"It would have been dreadful if he had been found guilty when he was innocent all the time."
"But then no one knew he was innocent for certain," the doctor said.
"I felt sure he was innocent," Ruth replied.
"But why did you feel sure, Ruth?"
"I can't exactly say, sir, but I did feel that he was innocent."
The doctor looked puzzled, but at this moment the cab arrived at the station, and the subject was not renewed, but the doctor afterwards wondered to himself more than once whether Ruth could have any particular reason for her assurance of Ronald Mervyn's innocence.

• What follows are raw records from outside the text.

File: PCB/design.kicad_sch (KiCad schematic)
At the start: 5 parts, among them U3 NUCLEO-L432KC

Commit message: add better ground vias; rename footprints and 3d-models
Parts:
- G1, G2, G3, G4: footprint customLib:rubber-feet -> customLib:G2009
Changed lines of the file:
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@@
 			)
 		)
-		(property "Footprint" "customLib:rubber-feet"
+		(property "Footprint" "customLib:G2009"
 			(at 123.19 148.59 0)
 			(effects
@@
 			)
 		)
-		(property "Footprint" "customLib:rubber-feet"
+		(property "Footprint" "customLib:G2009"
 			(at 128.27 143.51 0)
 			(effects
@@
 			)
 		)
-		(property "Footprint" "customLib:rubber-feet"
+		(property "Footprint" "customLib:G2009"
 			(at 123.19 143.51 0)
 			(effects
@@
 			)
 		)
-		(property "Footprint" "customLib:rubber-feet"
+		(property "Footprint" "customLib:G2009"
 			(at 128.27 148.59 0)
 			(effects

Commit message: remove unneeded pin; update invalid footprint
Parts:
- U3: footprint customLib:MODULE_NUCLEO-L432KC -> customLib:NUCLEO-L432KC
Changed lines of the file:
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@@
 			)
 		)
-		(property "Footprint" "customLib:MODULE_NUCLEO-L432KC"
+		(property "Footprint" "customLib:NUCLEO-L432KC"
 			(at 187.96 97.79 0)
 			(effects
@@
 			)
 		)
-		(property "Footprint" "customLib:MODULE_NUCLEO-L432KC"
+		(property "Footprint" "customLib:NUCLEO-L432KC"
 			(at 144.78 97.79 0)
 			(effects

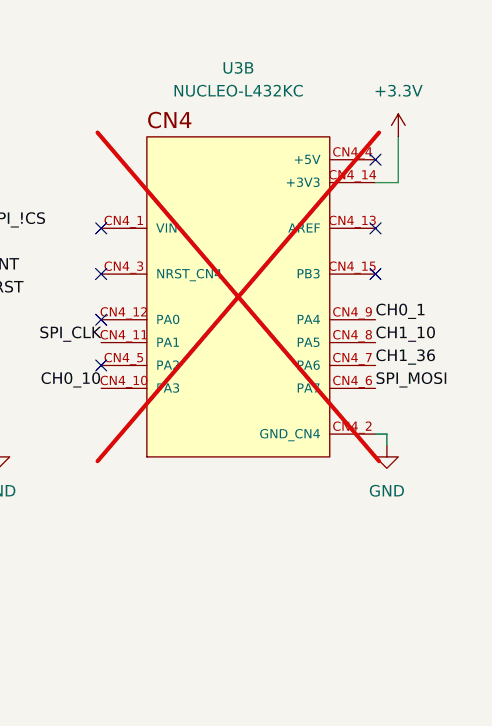
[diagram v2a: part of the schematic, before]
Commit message: resolve symbol, footprint issues
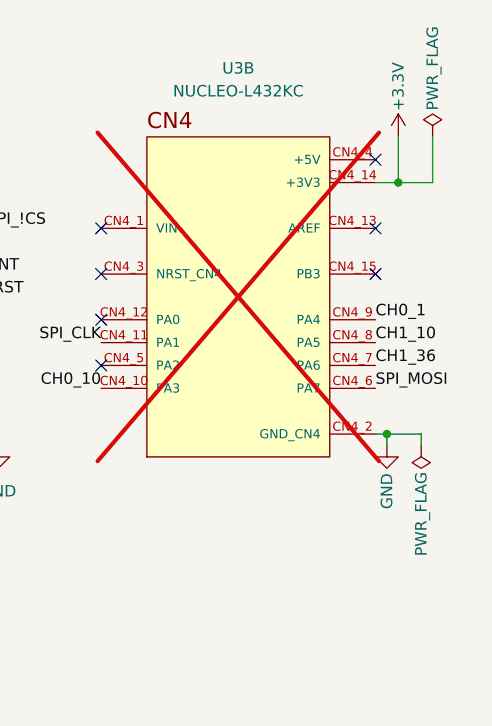
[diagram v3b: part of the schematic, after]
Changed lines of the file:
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@@
 		)
+	)
+	(junction
+		(at 205.74 85.09)
+		(diameter 0)
+		(color 0 0 0 0)
+	)
+	(junction
+		(at 204.47 113.03)
+		(diameter 0)
+		(color 0 0 0 0)
 	)
 	(no_connect
@@
 	(wire
 		(pts
-			(xy 160.02 113.03) (xy 161.29 113.03)
+			(xy 208.28 113.03) (xy 208.28 114.3)
 		)
 		(stroke
@@
 	(wire
 		(pts
-			(xy 205.74 85.09) (xy 205.74 80.01)
+			(xy 160.02 113.03) (xy 161.29 113.03)
 		)
 		(stroke
@@
 	(wire
 		(pts
-			(xy 204.47 113.03) (xy 204.47 114.3)
+			(xy 204.47 113.03) (xy 208.28 113.03)
 		)
 		(stroke
@@
 	(wire
 		(pts
-			(xy 203.2 85.09) (xy 205.74 85.09)
+			(xy 209.55 85.09) (xy 209.55 80.01)
 		)
 		(stroke
@@
 	(wire
 		(pts
-			(xy 203.2 113.03) (xy 204.47 113.03)
+			(xy 204.47 113.03) (xy 203.2 113.03)
+		)
+		(stroke
+			(width 0)
+			(type default)
+		)
+	)
+	(wire
+		(pts
+			(xy 205.74 85.09) (xy 205.74 80.01)
+		)
+		(stroke
+			(width 0)
+			(type default)
+		)
+	)
+	(wire
+		(pts
+			(xy 205.74 85.09) (xy 209.55 85.09)
+		)
+		(stroke
+			(width 0)
+			(type default)
+		)
+	)
+	(wire
+		(pts
+			(xy 204.47 113.03) (xy 204.47 114.3)
+		)
+		(stroke
+			(width 0)
+			(type default)
+		)
+	)
+	(wire
+		(pts
+			(xy 203.2 85.09) (xy 205.74 85.09)
 		)
 		(stroke
@@
 	)
 	(symbol
+		(lib_id "power:PWR_FLAG")
+		(at 208.28 114.3 180)
+		(unit 1)
+		(exclude_from_sim no)
+		(in_bom yes)
+		(on_board yes)
+		(dnp no)
+		(property "Reference" "#FLG02"
+			(at 208.28 116.205 0)
+			(effects
+				(font
+					(size 1.27 1.27)
+				)
+				(hide yes)
+			)
+		)
+		(property "Value" "PWR_FLAG"
+			(at 208.28 121.92 90)
+			(effects
+				(font
+					(size 1.27 1.27)
+				)
+			)
+		)
+		(property "Footprint" ""
+			(at 208.28 114.3 0)
+			(effects
+				(font
+					(size 1.27 1.27)
+				)
+				(hide yes)
+			)
+		)
+		(property "Datasheet" "~"
+			(at 208.28 114.3 0)
+			(effects
+				(font
+					(size 1.27 1.27)
+				)
+				(hide yes)
+			)
+		)
+		(property "Description" "Special symbol for telling ERC where power comes from"
+			(at 208.28 114.3 0)
+			(effects
+				(font
+					(size 1.27 1.27)
+				)
+				(hide yes)
+			)
+		)
+		(pin "1"
+		)
+		(instances
+			(project "design"
+				(path "/b7c29cd9-215b-4083-930c-731c0fdbf2f7"
+					(reference "#FLG02")
+					(unit 1)
+				)
+			)
+		)
+	)
+	(symbol
+		(lib_id "power:PWR_FLAG")
+		(at 209.55 80.01 0)
+		(unit 1)
+		(exclude_from_sim no)
+		(in_bom yes)
+		(on_board yes)
+		(dnp no)
+		(property "Reference" "#FLG01"
+			(at 209.55 78.105 0)
+			(effects
+				(font
+					(size 1.27 1.27)
+				)
+				(hide yes)
+			)
+		)
+		(property "Value" "PWR_FLAG"
+			(at 209.55 72.39 90)
+			(effects
+				(font
+					(size 1.27 1.27)
+				)
+			)
+		)
+		(property "Footprint" ""
+			(at 209.55 80.01 0)
+			(effects
+				(font
+					(size 1.27 1.27)
+				)
+				(hide yes)
+			)
+		)
+		(property "Datasheet" "~"
+			(at 209.55 80.01 0)
+			(effects
+				(font
+					(size 1.27 1.27)
+				)
+				(hide yes)
+			)
+		)
+		(property "Description" "Special symbol for telling ERC where power comes from"
+			(at 209.55 80.01 0)
+			(effects
+				(font
+					(size 1.27 1.27)
+				)
+				(hide yes)
+			)
+		)
+		(pin "1"
+		)
+		(instances
+			(project ""
+				(path "/b7c29cd9-215b-4083-930c-731c0fdbf2f7"
+					(reference "#FLG01")
+					(unit 1)
+				)
+			)
+		)
+	)
+	(symbol
 		(lib_id "power:+3.3V")
 		(at 205.74 80.01 0)
@@
 		(on_board yes)
 		(dnp no)
-		(fields_autoplaced yes)
 		(property "Reference" "#PWR047"
 			(at 205.74 83.82 0)
@@
 		)
 		(property "Value" "+3.3V"
-			(at 205.74 74.93 0)
+			(at 205.74 74.422 90)
 			(effects
 				(font
@@
 		(on_board yes)
 		(dnp no)
-		(fields_autoplaced yes)
 		(property "Reference" "#PWR024"
 			(at 204.47 120.65 0)
@@
 		)
 		(property "Value" "GND"
-			(at 204.47 119.38 0)
-			(effects
-				(font
+			(at 204.47 119.38 90)
+			(effects
+				(font

For another ten days the Mervyn trial was the great topic of conversation throughout the country, and the verdict was canvassed with almost as much keenness and heat as the crime had been before the trial. Now that Ronald Mervyn was no longer in hazard of his life, the feeling of pity which had before told so strongly in his favour was wanting. If a man so far forgets himself as to use threats to a woman, he must not be surprised if he gets into trouble. Of course, now the jury had given a verdict of "Not guilty," there was no more to be said. There was no doubt he was a very lucky fellow, and the jury had given him the benefit of the doubt. Still, if he hadn't done it, who had killed Margaret Carne?
Such was the general opinion, and although Ronald had still some staunch adherents in his own neighbourhood, the tide of feeling ran against him.
Two months after the trial, Mrs. Mervyn died, broken down by grief, and while this naturally caused a renewal of the talk, it heightened rather than otherwise the feeling against her son. The general verdict was that it was his doing; whether he killed Margaret Carne or not, there was no doubt that he had killed his mother. All this was doubtless unfair, but it was not unnatural; and only those who believed thoroughly in Ronald's innocence felt how hard this additional pain must be for him.
Immediately the funeral was over, the two girls moved away to London, and the house was advertised to let, but the odour of the recent tragedy hung over it. No one cared to take a house with which such a story was connected. A month or two later there was a sale of the furniture; the house was then shut up and lost to the county. Ten days after the trial it was announced in The Gazette that Ronald Mervyn had retired from the service upon sale of his commission. No one had seen him after he had left the court a free man. His horses were sold a week later, and his other belongings forwarded from the regiment to an address he gave in London. His mother and sister had a few days later gone up for a day to town, and had met him there. He had already written to them that he intended to go abroad, and they did not seek to combat his resolution.